Dollar Index since the Plaza Accord …room to run, BUT (?) …UPDATED
12/30/2016 – updating the US Dollar Index post
- bearish divergence – check
- 1.618 price projection hit – is this an a-b-c correction and the dollar has peaked? Potentially … or is wave 3 of 5 concluding w/ a pull back imminent?
- SENTIMENT is extreme bearish for the EURO and GOLD
- note – we are hitting the same TIME correction in a couple days as the move up from 1992-2001
- Economist .. the best contrarian indicator out there.
CLIFF NOTES: if you read below you’ll see there are other targets higher. We are approaching the same TIME as the last move up in the dollar against the smash from the Plaza accord so the ‘no brainer’ long dollar trade is one that begs of caution. Is this THE top in the USD and now we go back below 70? Don’t know, but a preponderance of evidence suggests STIFF resistance from now into January for the USD.
11/19/2016 – if you want to follow the Dollar posts, just search dollar on the top right area of the blog. the overall thesis, which has proven to be correct so far, was the dollar was going to strengthen all the way from the low 70’s. it’s been a nice run …
is there higher to go … yes.
but then …
here’s the picture – note, I’ve used the high from the Plaza Accord in 1985 to put the .382 retracement on the chart. That also overlaps w/ some nice other extension and retracement ratios. Believe the highlighted area in/around 107-108 is going to be key.
also, note the TIME component between the last major rally from 1992-2001. Next month, or, depending on how you draw the time component, perhaps January the Dollar Index should run into some pretty stiff resistance in TIME.

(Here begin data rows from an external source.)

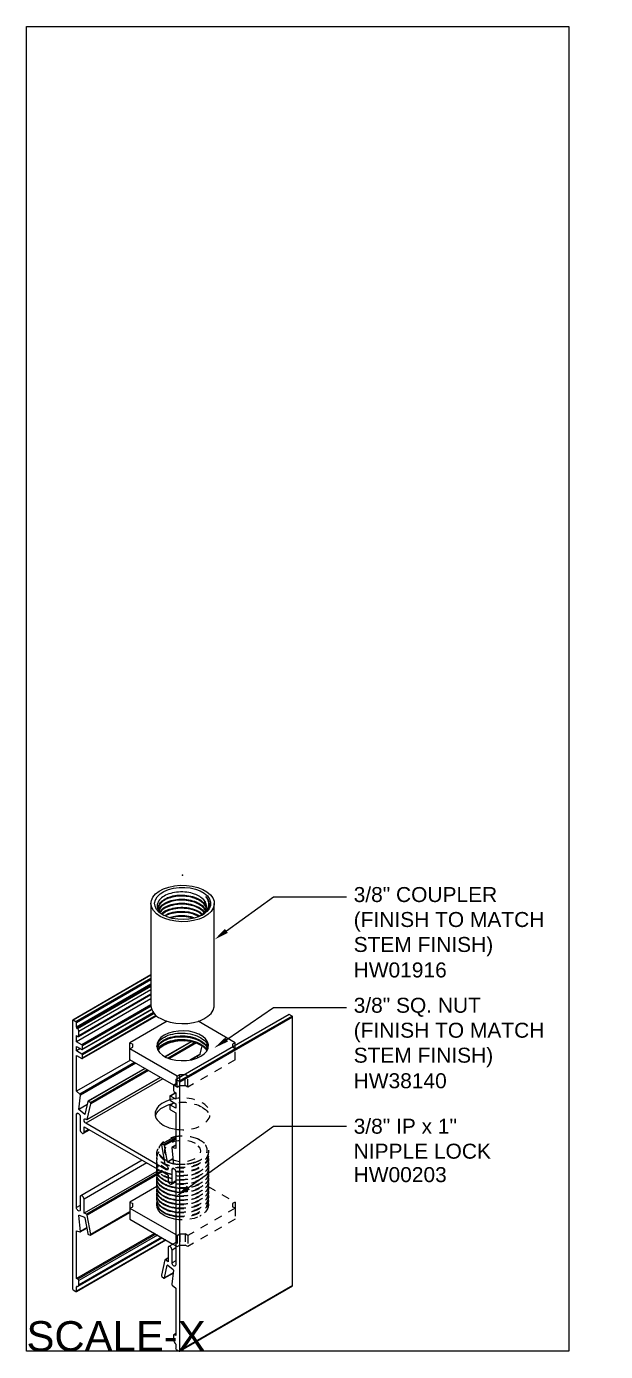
# Model space of a CAD drawing. Extents: x 0 to 7.2, y -16.6 to 0.
import ezdxf
from ezdxf import colors
from ezdxf.entities.mleader import LeaderData, LeaderLine
from ezdxf.math import Vec2, Vec3

# ---------------------------------------------------------------- set-up
doc = ezdxf.new("R2010")
doc.units = 0
doc.header["$LTSCALE"] = 0.5
doc.header["$MEASUREMENT"] = 0
doc.linetypes.add('HIDDEN2', pattern=[0.1875, 0.125, -0.0625])
doc.linetypes.add('PHANTOM', pattern=[0.5, 0.25, -0.05, 0.05, -0.05, 0.05, -0.05])
doc.layers.add('Construction', color=60, linetype='PHANTOM', plot=False)
doc.layers.add('Text-Unprinted', color=131, linetype='CONTINUOUS', plot=False)
doc.layers.add('CUST DWG', color=60, linetype='CONTINUOUS', lineweight=20)
for name, color, linetype in [('FAB DWG', 221, 'CONTINUOUS'), ('Hardware', 242, 'CONTINUOUS'), ('Housing', 150, 'CONTINUOUS'), ('Mounting', 4, 'CONTINUOUS')]:
    doc.layers.add(name, color=color, linetype=linetype)
doc.styles.add('LSAD_Standard', font='arial.ttf')

msp = doc.modelspace()

# ---------------------------------------------------------------- linework, layer by layer
at = {"layer": 'Construction', "ltscale": 0.5, "transparency": 16777216}
msp.add_point((1.954, -10.625), dxfattribs=at)
at = {"layer": 'Hardware', "transparency": 16777216}
for p, q in [((1.761, -12.452), (1.295, -12.72)), ((2.612, -12.72), (2.147, -12.452)), ((1.295, -12.72), (1.329, -12.74)), ((1.295, -12.797), (1.295, -12.72)), ((1.329, -12.778), (1.329, -12.74)), ((2.612, -12.72), (2.579, -12.74)), ((2.579, -12.74), (2.579, -12.778)), ((2.612, -12.753), (2.612, -12.72)), ((1.295, -12.797), (1.329, -12.778)), ((1.887, -13.139), (1.295, -12.797)), ((1.295, -12.936), (1.295, -12.797)), ((1.842, -13.251), (1.295, -12.936)), ((1.887, -13.139), (1.92, -13.119)), ((1.887, -13.172), (1.887, -13.139)), ((1.92, -13.119), (1.978, -13.119)), ((1.92, -13.153), (1.92, -13.119)), ((1.978, -13.119), (1.987, -13.119)), ((1.63, -14.522), (1.295, -14.715)), ((1.295, -14.715), (1.329, -14.734)), ((1.295, -14.715), (1.295, -14.792)), ((1.329, -14.773), (1.329, -14.734)), ((1.295, -14.792), (1.329, -14.773)), ((1.295, -14.792), (1.868, -15.122)), ((1.295, -14.792), (1.295, -14.931)), ((1.295, -14.931), (1.833, -15.241))]:
    msp.add_line(p, q, dxfattribs=at)
at = {"layer": 'Hardware', "linetype": 'HIDDEN2', "transparency": 16777216}
for p, q in [((2.612, -12.797), (2.612, -12.753)), ((2.612, -12.797), (2.02, -13.139)), ((2.612, -12.936), (2.02, -13.277)), ((2.612, -12.797), (2.579, -12.778)), ((2.612, -12.936), (2.612, -12.797)), ((1.887, -13.277), (1.842, -13.251)), ((1.887, -13.277), (1.887, -13.172)), ((1.887, -13.277), (1.92, -13.258)), ((1.92, -13.258), (1.92, -13.153)), ((1.92, -13.258), (1.987, -13.258)), ((2.02, -13.139), (1.987, -13.119)), ((1.987, -13.258), (1.987, -13.119)), ((2.02, -13.277), (1.987, -13.258)), ((2.02, -13.277), (2.02, -13.139)), ((2.143, -13.924), (2.144, -13.925)), ((2.273, -14.52), (2.612, -14.715)), ((2.612, -14.715), (2.579, -14.734)), ((2.579, -14.734), (2.579, -14.773)), ((2.612, -14.715), (2.612, -14.792)), ((2.612, -14.792), (2.02, -15.134)), ((2.612, -14.792), (2.579, -14.773)), ((2.612, -14.792), (2.612, -14.931)), ((2.612, -14.931), (2.02, -15.272)), ((1.833, -15.241), (1.887, -15.272)), ((1.868, -15.122), (1.887, -15.134)), ((1.887, -15.134), (1.92, -15.114)), ((1.887, -15.134), (1.887, -15.272)), ((1.887, -15.272), (1.92, -15.253)), ((1.92, -15.114), (1.987, -15.114)), ((1.92, -15.114), (1.92, -15.253)), ((1.92, -15.253), (1.987, -15.253)), ((2.02, -15.134), (1.987, -15.114)), ((1.987, -15.114), (1.987, -15.253)), ((2.02, -15.272), (1.987, -15.253)), ((2.02, -15.134), (2.02, -15.272))]:
    msp.add_line(p, q, dxfattribs=at)
at = {"layer": 'Hardware', "transparency": 16777216, "flags": 128}
for points in [[(2.182, -12.891), (2.225, -12.86), (2.256, -12.826), (2.273, -12.788), (2.277, -12.749), (2.266, -12.71), (2.242, -12.674), (2.205, -12.641), (2.157, -12.614), (2.1, -12.592), (2.037, -12.578), (1.97, -12.572), (1.903, -12.574), (1.838, -12.584), (1.777, -12.602), (1.725, -12.627), (1.682, -12.657), (1.652, -12.692), (1.634, -12.73), (1.631, -12.768), (1.641, -12.807), (1.665, -12.843), (1.702, -12.876), (1.75, -12.904), (1.807, -12.925), (1.87, -12.939), (1.937, -12.945), (2.004, -12.943), (2.069, -12.933), (2.13, -12.915), (2.182, -12.891)], [(1.868, -14.89), (1.829, -14.884), (1.813, -14.881), (1.809, -14.879), (1.808, -14.879), (1.807, -14.879), (1.807, -14.879), (1.807, -14.879), (1.807, -14.879), (1.807, -14.879), (1.807, -14.879), (1.807, -14.879), (1.807, -14.879), (1.807, -14.879), (1.807, -14.879), (1.785, -14.872), (1.754, -14.861), (1.716, -14.842), (1.678, -14.815), (1.646, -14.777), (1.63, -14.729), (1.635, -14.707)], [(1.868, -14.932), (1.838, -14.927), (1.778, -14.91), (1.725, -14.885), (1.683, -14.855), (1.652, -14.82), (1.635, -14.783), (1.631, -14.744), (1.637, -14.717)]]:
    msp.add_lwpolyline(points, dxfattribs=at)
at = {"layer": 'Hardware', "linetype": 'HIDDEN2', "transparency": 16777216, "flags": 128}
for points in [[(2.275, -14.135), (2.277, -14.143), (2.253, -14.209), (2.2, -14.261), (2.132, -14.298), (2.061, -14.321), (1.993, -14.332), (1.935, -14.334), (1.887, -14.332), (1.826, -14.322), (1.811, -14.319), (1.808, -14.318), (1.807, -14.318), (1.807, -14.317), (1.807, -14.317), (1.806, -14.317), (1.806, -14.317), (1.806, -14.317), (1.806, -14.317), (1.806, -14.317), (1.783, -14.311), (1.752, -14.299), (1.714, -14.28), (1.676, -14.252), (1.645, -14.214), (1.63, -14.166), (1.643, -14.111), (1.655, -14.092), (1.66, -14.085)], [(2.114, -13.983), (2.069, -13.963), (2.017, -13.95), (1.961, -13.945), (1.904, -13.948), (1.85, -13.959), (1.803, -13.977), (1.765, -14.002), (1.74, -14.031), (1.727, -14.063), (1.729, -14.096), (1.745, -14.128), (1.774, -14.156), (1.814, -14.18), (1.863, -14.196), (1.918, -14.206), (1.975, -14.207), (2.031, -14.199), (2.081, -14.184), (2.124, -14.163), (2.156, -14.135), (2.176, -14.104), (2.181, -14.072), (2.172, -14.039), (2.149, -14.009), (2.114, -13.983)], [(2.272, -14.682), (2.277, -14.702), (2.254, -14.768), (2.203, -14.82), (2.137, -14.858), (2.067, -14.881), (1.999, -14.892), (1.941, -14.896), (1.892, -14.894), (1.868, -14.89)], [(2.275, -14.767), (2.265, -14.802), (2.241, -14.838), (2.204, -14.871), (2.157, -14.898), (2.1, -14.92), (2.037, -14.933), (1.97, -14.94), (1.903, -14.938), (1.868, -14.932)]]:
    msp.add_lwpolyline(points, dxfattribs=at)
at = {"layer": 'Hardware', "linetype": 'HIDDEN2', "transparency": 16777216}
msp.add_arc((1.955, -14.405), 0.516, 68.6082, 95.8848, dxfattribs=at)
at = {"layer": 'Hardware', "transparency": 16777216}
for points, knots in [([(1.631, -12.772), (1.636, -12.75), (1.646, -12.704), (1.72, -12.646), (1.826, -12.607), (1.954, -12.596), (2.081, -12.613), (2.187, -12.657), (2.257, -12.716), (2.266, -12.759), (2.27, -12.777)], [0, 0, 0, 0, 0.123199, 0.253761, 0.384324, 0.514886, 0.645448, 0.77601, 0.906573, 1, 1, 1, 1]), ([(1.638, -12.788), (1.642, -12.772), (1.651, -12.733), (1.72, -12.68), (1.826, -12.641), (1.954, -12.63), (2.081, -12.647), (2.187, -12.692), (2.253, -12.745), (2.262, -12.782), (2.264, -12.795)], [0, 0, 0, 0, 0.094349, 0.233906, 0.373463, 0.51302, 0.652577, 0.792135, 0.931692, 1, 1, 1, 1]), ([(1.64, -12.792), (1.644, -12.779), (1.653, -12.742), (1.72, -12.691), (1.826, -12.653), (1.954, -12.641), (2.081, -12.658), (2.186, -12.703), (2.251, -12.754), (2.26, -12.79), (2.263, -12.8)], [0, 0, 0, 0, 0.082922, 0.225901, 0.368879, 0.511858, 0.654836, 0.797815, 0.940794, 1, 1, 1, 1]), ([(1.648, -12.807), (1.649, -12.8), (1.658, -12.77), (1.721, -12.726), (1.826, -12.687), (1.954, -12.675), (2.081, -12.692), (2.186, -12.737), (2.247, -12.783), (2.256, -12.813), (2.257, -12.817)], [0, 0, 0, 0, 0.045014, 0.199343, 0.353672, 0.508002, 0.662331, 0.81666, 0.97099, 1, 1, 1, 1]), ([(1.65, -12.811), (1.651, -12.807), (1.66, -12.779), (1.721, -12.737), (1.826, -12.698), (1.954, -12.686), (2.081, -12.704), (2.185, -12.748), (2.246, -12.793), (2.254, -12.82), (2.255, -12.823)], [0, 0, 0, 0, 0.031004, 0.189528, 0.348052, 0.506576, 0.665101, 0.823625, 0.982149, 1, 1, 1, 1]), ([(1.651, -12.815), (1.653, -12.812), (1.663, -12.788), (1.717, -12.751), (1.808, -12.711), (1.892, -12.696), (1.939, -12.694), (1.948, -12.694)], [0, 0, 0, 0, 0.036029, 0.330898, 0.626534, 0.932015, 1, 1, 1, 1]), ([(1.948, -12.694), (1.952, -12.693), (1.963, -12.693), (1.973, -12.694), (1.978, -12.695)], [0, 0, 0, 0, 0.451289, 1, 1, 1, 1]), ([(1.776, -14.461), (1.761, -14.456), (1.741, -14.448), (1.716, -14.434), (1.694, -14.42), (1.666, -14.397), (1.642, -14.366), (1.629, -14.328), (1.629, -14.293), (1.64, -14.272), (1.645, -14.262)], [0.6514083, 0.6514083, 0.6514083, 0.6514083, 0.6986175, 0.7130126, 0.7424986, 0.7816857, 0.8404038, 0.8991231, 0.9557797, 1, 1, 1, 1]), ([(1.868, -14.534), (1.859, -14.532), (1.827, -14.527), (1.775, -14.514), (1.718, -14.488), (1.673, -14.456), (1.644, -14.42), (1.629, -14.382), (1.629, -14.346), (1.64, -14.323), (1.645, -14.313)], [0.5681969, 0.5681969, 0.5681969, 0.5681969, 0.592383, 0.6508027, 0.7148835, 0.776888, 0.835474, 0.8940601, 0.9526465, 1, 1, 1, 1]), ([(1.868, -14.585), (1.857, -14.583), (1.824, -14.578), (1.773, -14.564), (1.719, -14.54), (1.676, -14.509), (1.646, -14.474), (1.63, -14.437), (1.628, -14.399), (1.639, -14.375), (1.644, -14.364)], [0.5679559, 0.5679559, 0.5679559, 0.5679559, 0.5957869, 0.6543087, 0.7128305, 0.7713524, 0.8298743, 0.8883962, 0.9469181, 1, 1, 1, 1]), ([(1.868, -14.636), (1.867, -14.636), (1.858, -14.634), (1.828, -14.629), (1.779, -14.617), (1.724, -14.593), (1.679, -14.563), (1.648, -14.529), (1.63, -14.491), (1.63, -14.453), (1.635, -14.426), (1.644, -14.415), (1.644, -14.414)], [0.5668594, 0.5668594, 0.5668594, 0.5668594, 0.569646, 0.5892091, 0.6477968, 0.7063846, 0.7649725, 0.8235603, 0.8821482, 0.9407361, 0.999324, 1, 1, 1, 1]), ([(1.779, -14.469), (1.768, -14.465), (1.727, -14.449), (1.669, -14.41), (1.63, -14.36), (1.635, -14.329), (1.636, -14.32)], [0.6810212, 0.6810212, 0.6810212, 0.6810212, 0.71956, 0.8333848, 0.9492983, 1, 1, 1, 1]), ([(1.868, -14.54), (1.862, -14.539), (1.818, -14.533), (1.743, -14.511), (1.669, -14.461), (1.63, -14.411), (1.635, -14.38), (1.636, -14.371)], [0.5856955, 0.5856955, 0.5856955, 0.5856955, 0.6039513, 0.71956, 0.8333848, 0.9492983, 1, 1, 1, 1]), ([(1.868, -14.591), (1.862, -14.59), (1.818, -14.584), (1.743, -14.562), (1.669, -14.512), (1.63, -14.462), (1.635, -14.431), (1.636, -14.422)], [0.5856955, 0.5856955, 0.5856955, 0.5856955, 0.6039513, 0.71956, 0.8333848, 0.9492983, 1, 1, 1, 1]), ([(1.868, -14.738), (1.867, -14.738), (1.841, -14.734), (1.803, -14.726), (1.761, -14.711), (1.724, -14.695), (1.686, -14.671), (1.652, -14.637), (1.633, -14.6), (1.627, -14.569), (1.633, -14.551), (1.635, -14.545)], [0.5942878, 0.5942878, 0.5942878, 0.5942878, 0.5955838, 0.6668929, 0.6991798, 0.7297981, 0.7909455, 0.8520927, 0.9132397, 0.9743865, 1, 1, 1, 1]), ([(1.868, -14.687), (1.846, -14.684), (1.798, -14.674), (1.727, -14.648), (1.68, -14.615), (1.654, -14.586), (1.642, -14.566), (1.631, -14.54), (1.629, -14.507), (1.634, -14.48), (1.644, -14.467), (1.644, -14.466)], [0.5684822, 0.5684822, 0.5684822, 0.5684822, 0.6239864, 0.6981941, 0.7828639, 0.813537, 0.8453833, 0.8784026, 0.9367866, 0.9951706, 1, 1, 1, 1]), ([(1.868, -14.642), (1.862, -14.641), (1.818, -14.635), (1.743, -14.613), (1.669, -14.563), (1.63, -14.513), (1.635, -14.482), (1.636, -14.473)], [0.5856955, 0.5856955, 0.5856955, 0.5856955, 0.6039513, 0.71956, 0.8333848, 0.9492983, 1, 1, 1, 1]), ([(1.868, -14.693), (1.862, -14.692), (1.818, -14.686), (1.743, -14.664), (1.669, -14.615), (1.63, -14.564), (1.635, -14.533), (1.636, -14.524)], [0.5856955, 0.5856955, 0.5856955, 0.5856955, 0.6039513, 0.71956, 0.8333848, 0.9492983, 1, 1, 1, 1]), ([(1.868, -14.744), (1.862, -14.743), (1.818, -14.737), (1.743, -14.715), (1.669, -14.666), (1.63, -14.615), (1.635, -14.584), (1.636, -14.575)], [0.5857077, 0.5857077, 0.5857077, 0.5857077, 0.6039513, 0.71956, 0.8333848, 0.9492983, 1, 1, 1, 1]), ([(1.868, -14.789), (1.865, -14.788), (1.841, -14.785), (1.795, -14.775), (1.738, -14.753), (1.69, -14.725), (1.655, -14.692), (1.634, -14.655), (1.627, -14.623), (1.633, -14.603), (1.635, -14.597)], [0.5801753, 0.5801753, 0.5801753, 0.5801753, 0.5870097, 0.6503662, 0.7137233, 0.7770812, 0.8405113, 0.9039412, 0.9673707, 1, 1, 1, 1]), ([(1.868, -14.84), (1.867, -14.84), (1.844, -14.837), (1.8, -14.828), (1.742, -14.807), (1.694, -14.779), (1.657, -14.746), (1.636, -14.709), (1.627, -14.675), (1.633, -14.655), (1.635, -14.647)], [0.5800687, 0.5800687, 0.5800687, 0.5800687, 0.582076, 0.6453261, 0.7085762, 0.7718264, 0.8350765, 0.8983267, 0.9615768, 1, 1, 1, 1]), ([(1.868, -14.795), (1.862, -14.794), (1.818, -14.788), (1.743, -14.766), (1.669, -14.717), (1.63, -14.667), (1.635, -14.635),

last thing is the Elliott Wave count … I always tell people – I LOVE Elliott wave – when it works. here, the count has been pretty much a “Ray Charles count” on a long term basis. I’ll try to walk you thru the importance:
- market corrects in 3 waves labeled a-b-c
- the market moves impulsively in 5 waves
- wave 2 can’t overlap the beginning of wave 1
- wave 3 can’t be the shortest
- wave 4 can’t overlap the beginning of wave 1
- if you take the low in 2008 and start working your way up we see that we are ‘clearly’ creating 3 waves into yesterdays price action.
- here’s where it gets tricky .. simply, I don’t know if this an a-b-c big corrective move OR we are impulsively going higher in a 1-2-3-4-5 sequence.
- the key here – wave c (of a-b-c) always has to be 5 waves (unless in a triangle)
- so if you look you can see the ‘small’ 1,2,3,4,5 being carved out (Turkey reference) so the blue highlighted area 107-108 COULD be the end of a C wave and the entire A-B-C move OR the end of wave 3 and we correct 4 and then off we go again in 5.
I honestly have no idea ….
Here’s what the charts are SHOWING US:
- square root target
- the ‘time’ of the last corrective move
- the ‘count’ showing we are in the 5th wave of C and 3
- EXTREME sentiment for a strong dollar
- the .382 from the all time high
- divergence set up on Monthly RSI
- ‘other’ extension and retracement targets
Expect some major resistance .. again, we are 6 handles away from the target area and that represents HUGE moves in currency .. BUT remember, right now, we are at extreme (not historic) but extreme sentiment and this has never proven to be wrong from a contrarian indicator. This puppy could snap back on you really really quick.
only TIME will tell … let me know if you have any questions.